• [PROBLEM TO SOLVE] Go through the entries below from the first line and output each one exactly, up to and including the line with "h = msp.add_hatch(color=18, dxfattribs=at)".

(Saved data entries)
╔══

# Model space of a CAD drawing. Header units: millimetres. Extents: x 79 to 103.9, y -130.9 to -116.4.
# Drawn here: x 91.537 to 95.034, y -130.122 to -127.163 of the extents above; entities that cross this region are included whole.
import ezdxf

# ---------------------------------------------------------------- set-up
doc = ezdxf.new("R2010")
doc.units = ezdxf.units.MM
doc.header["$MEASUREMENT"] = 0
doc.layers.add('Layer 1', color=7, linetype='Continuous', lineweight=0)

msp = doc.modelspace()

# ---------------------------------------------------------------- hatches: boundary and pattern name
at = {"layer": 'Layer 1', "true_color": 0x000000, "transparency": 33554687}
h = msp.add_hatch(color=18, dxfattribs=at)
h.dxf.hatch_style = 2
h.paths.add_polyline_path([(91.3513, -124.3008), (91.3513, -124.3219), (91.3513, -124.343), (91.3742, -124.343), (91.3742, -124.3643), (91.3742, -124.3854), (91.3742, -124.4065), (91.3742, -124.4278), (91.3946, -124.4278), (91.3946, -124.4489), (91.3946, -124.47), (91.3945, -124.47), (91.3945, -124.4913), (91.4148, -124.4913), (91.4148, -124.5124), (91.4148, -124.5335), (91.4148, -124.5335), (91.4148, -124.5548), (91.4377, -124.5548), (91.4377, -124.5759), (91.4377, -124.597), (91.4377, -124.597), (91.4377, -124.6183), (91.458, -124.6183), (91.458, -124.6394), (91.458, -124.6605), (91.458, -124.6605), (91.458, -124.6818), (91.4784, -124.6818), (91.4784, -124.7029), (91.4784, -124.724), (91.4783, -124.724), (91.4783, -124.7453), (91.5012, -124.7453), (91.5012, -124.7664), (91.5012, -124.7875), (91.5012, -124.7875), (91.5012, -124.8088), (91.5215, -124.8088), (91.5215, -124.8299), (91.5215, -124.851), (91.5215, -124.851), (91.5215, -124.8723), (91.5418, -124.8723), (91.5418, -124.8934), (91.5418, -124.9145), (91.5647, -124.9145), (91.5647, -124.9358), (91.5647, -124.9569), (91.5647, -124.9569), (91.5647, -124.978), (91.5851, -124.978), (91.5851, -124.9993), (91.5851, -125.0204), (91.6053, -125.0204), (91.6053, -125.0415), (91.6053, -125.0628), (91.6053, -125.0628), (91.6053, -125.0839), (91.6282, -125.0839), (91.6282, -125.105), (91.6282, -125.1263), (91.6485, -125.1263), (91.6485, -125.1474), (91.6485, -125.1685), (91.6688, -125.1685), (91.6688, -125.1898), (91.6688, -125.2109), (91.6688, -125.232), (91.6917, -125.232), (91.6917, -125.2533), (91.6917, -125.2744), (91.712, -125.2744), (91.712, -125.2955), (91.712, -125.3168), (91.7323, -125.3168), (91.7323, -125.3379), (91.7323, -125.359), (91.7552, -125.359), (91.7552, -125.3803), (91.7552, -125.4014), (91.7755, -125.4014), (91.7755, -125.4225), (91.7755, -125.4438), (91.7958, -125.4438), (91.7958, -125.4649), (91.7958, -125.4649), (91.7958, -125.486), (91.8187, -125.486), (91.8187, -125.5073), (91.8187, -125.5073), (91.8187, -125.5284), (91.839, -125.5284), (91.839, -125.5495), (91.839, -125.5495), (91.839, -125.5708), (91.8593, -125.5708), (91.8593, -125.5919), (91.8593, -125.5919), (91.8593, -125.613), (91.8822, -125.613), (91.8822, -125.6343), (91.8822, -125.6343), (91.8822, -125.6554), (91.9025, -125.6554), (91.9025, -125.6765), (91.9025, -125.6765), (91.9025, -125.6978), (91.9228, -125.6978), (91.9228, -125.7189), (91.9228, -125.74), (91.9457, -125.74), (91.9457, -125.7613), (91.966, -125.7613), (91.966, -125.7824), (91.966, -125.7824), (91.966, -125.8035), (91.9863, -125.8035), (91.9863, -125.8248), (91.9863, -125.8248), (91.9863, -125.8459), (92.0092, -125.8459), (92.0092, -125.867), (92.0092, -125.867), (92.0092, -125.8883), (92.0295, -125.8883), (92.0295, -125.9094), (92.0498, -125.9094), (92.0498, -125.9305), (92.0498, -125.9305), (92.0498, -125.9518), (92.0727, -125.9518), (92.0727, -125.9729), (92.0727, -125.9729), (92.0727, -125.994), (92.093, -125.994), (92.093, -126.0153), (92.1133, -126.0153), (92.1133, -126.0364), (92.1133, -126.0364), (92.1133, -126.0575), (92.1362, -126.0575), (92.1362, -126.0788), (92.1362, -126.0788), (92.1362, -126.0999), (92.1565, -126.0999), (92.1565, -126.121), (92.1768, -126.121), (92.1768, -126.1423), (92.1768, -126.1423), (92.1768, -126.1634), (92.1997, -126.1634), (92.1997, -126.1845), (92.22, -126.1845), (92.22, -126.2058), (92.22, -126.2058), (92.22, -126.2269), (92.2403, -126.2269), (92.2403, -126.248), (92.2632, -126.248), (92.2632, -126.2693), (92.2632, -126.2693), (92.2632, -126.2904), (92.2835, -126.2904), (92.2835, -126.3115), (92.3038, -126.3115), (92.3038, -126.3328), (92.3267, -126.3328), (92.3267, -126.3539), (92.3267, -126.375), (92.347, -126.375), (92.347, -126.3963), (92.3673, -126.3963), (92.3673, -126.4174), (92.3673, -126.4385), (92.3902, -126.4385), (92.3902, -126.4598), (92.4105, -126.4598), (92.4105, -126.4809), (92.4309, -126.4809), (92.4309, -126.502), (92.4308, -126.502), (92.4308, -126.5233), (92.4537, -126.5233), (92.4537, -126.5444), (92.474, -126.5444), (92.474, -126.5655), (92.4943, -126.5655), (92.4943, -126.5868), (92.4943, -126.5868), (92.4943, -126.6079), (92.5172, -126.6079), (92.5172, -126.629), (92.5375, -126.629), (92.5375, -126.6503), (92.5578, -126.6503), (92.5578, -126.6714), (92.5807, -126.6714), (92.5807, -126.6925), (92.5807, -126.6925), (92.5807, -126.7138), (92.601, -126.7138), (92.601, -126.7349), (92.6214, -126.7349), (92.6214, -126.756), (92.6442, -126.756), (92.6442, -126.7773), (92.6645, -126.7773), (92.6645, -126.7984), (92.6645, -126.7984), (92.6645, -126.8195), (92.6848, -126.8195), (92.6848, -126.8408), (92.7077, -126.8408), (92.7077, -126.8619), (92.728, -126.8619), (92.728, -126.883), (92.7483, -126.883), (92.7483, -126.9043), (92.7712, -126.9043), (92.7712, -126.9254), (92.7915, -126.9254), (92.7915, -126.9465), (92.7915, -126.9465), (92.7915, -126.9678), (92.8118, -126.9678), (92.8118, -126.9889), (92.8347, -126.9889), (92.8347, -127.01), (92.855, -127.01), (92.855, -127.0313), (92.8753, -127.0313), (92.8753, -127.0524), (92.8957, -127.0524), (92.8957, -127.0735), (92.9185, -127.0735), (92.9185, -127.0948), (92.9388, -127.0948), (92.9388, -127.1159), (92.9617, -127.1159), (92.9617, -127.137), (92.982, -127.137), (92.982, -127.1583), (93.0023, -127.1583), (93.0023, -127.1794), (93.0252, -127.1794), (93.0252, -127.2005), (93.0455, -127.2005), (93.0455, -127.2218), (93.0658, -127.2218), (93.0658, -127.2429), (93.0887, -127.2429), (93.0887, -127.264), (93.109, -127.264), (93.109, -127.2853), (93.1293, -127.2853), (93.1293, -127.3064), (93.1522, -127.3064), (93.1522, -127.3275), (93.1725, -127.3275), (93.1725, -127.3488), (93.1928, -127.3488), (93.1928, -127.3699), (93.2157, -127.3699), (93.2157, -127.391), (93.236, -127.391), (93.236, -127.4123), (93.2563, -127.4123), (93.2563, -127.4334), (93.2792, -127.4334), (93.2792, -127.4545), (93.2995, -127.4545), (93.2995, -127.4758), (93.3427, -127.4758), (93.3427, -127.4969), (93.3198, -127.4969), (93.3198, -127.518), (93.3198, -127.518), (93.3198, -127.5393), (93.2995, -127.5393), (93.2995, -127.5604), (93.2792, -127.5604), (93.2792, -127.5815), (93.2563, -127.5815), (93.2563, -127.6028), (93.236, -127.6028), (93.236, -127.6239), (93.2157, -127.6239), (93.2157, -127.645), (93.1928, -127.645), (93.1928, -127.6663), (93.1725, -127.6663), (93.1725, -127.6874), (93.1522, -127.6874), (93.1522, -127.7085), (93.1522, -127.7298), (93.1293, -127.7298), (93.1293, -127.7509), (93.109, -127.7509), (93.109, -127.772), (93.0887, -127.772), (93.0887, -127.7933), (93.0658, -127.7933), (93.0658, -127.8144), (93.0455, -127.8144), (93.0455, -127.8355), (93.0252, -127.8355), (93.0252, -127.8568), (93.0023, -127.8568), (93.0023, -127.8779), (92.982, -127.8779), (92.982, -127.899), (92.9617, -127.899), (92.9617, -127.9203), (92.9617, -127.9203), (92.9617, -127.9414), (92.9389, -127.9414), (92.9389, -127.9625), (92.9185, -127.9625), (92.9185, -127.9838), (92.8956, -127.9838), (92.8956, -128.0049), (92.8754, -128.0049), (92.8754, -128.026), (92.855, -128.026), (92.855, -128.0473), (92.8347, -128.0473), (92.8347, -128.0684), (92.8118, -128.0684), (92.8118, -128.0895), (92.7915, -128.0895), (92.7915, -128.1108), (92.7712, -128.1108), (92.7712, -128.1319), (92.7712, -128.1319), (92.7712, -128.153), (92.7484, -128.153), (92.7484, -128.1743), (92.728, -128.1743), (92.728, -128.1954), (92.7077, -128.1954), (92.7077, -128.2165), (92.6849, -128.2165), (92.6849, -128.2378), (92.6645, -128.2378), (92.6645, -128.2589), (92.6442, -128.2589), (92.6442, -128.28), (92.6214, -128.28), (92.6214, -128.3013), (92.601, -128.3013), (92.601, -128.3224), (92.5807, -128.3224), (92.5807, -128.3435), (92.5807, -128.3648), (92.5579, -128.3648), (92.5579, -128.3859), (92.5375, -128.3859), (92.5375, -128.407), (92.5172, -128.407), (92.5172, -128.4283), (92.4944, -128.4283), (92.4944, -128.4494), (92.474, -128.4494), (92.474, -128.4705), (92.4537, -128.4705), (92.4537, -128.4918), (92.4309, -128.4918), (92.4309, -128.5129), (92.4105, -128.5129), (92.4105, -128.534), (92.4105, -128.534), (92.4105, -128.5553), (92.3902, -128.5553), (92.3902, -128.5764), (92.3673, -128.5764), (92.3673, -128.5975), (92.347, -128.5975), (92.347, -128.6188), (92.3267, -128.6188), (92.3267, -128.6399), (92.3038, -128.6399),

╚══

• [WRITTEN SOLUTION]
# Model space of a CAD drawing. Header units: millimetres. Extents: x 79 to 103.9, y -130.9 to -116.4.
# Drawn here: x 91.537 to 95.034, y -130.122 to -127.163 of the extents above; entities that cross this region are included whole.
import ezdxf

# ---------------------------------------------------------------- set-up
doc = ezdxf.new("R2010")
doc.units = ezdxf.units.MM
doc.header["$MEASUREMENT"] = 0
doc.layers.add('Layer 1', color=7, linetype='Continuous', lineweight=0)

msp = doc.modelspace()

# ---------------------------------------------------------------- hatches: boundary and pattern name
at = {"layer": 'Layer 1', "true_color": 0x000000, "transparency": 33554687}
h = msp.add_hatch(color=18, dxfattribs=at)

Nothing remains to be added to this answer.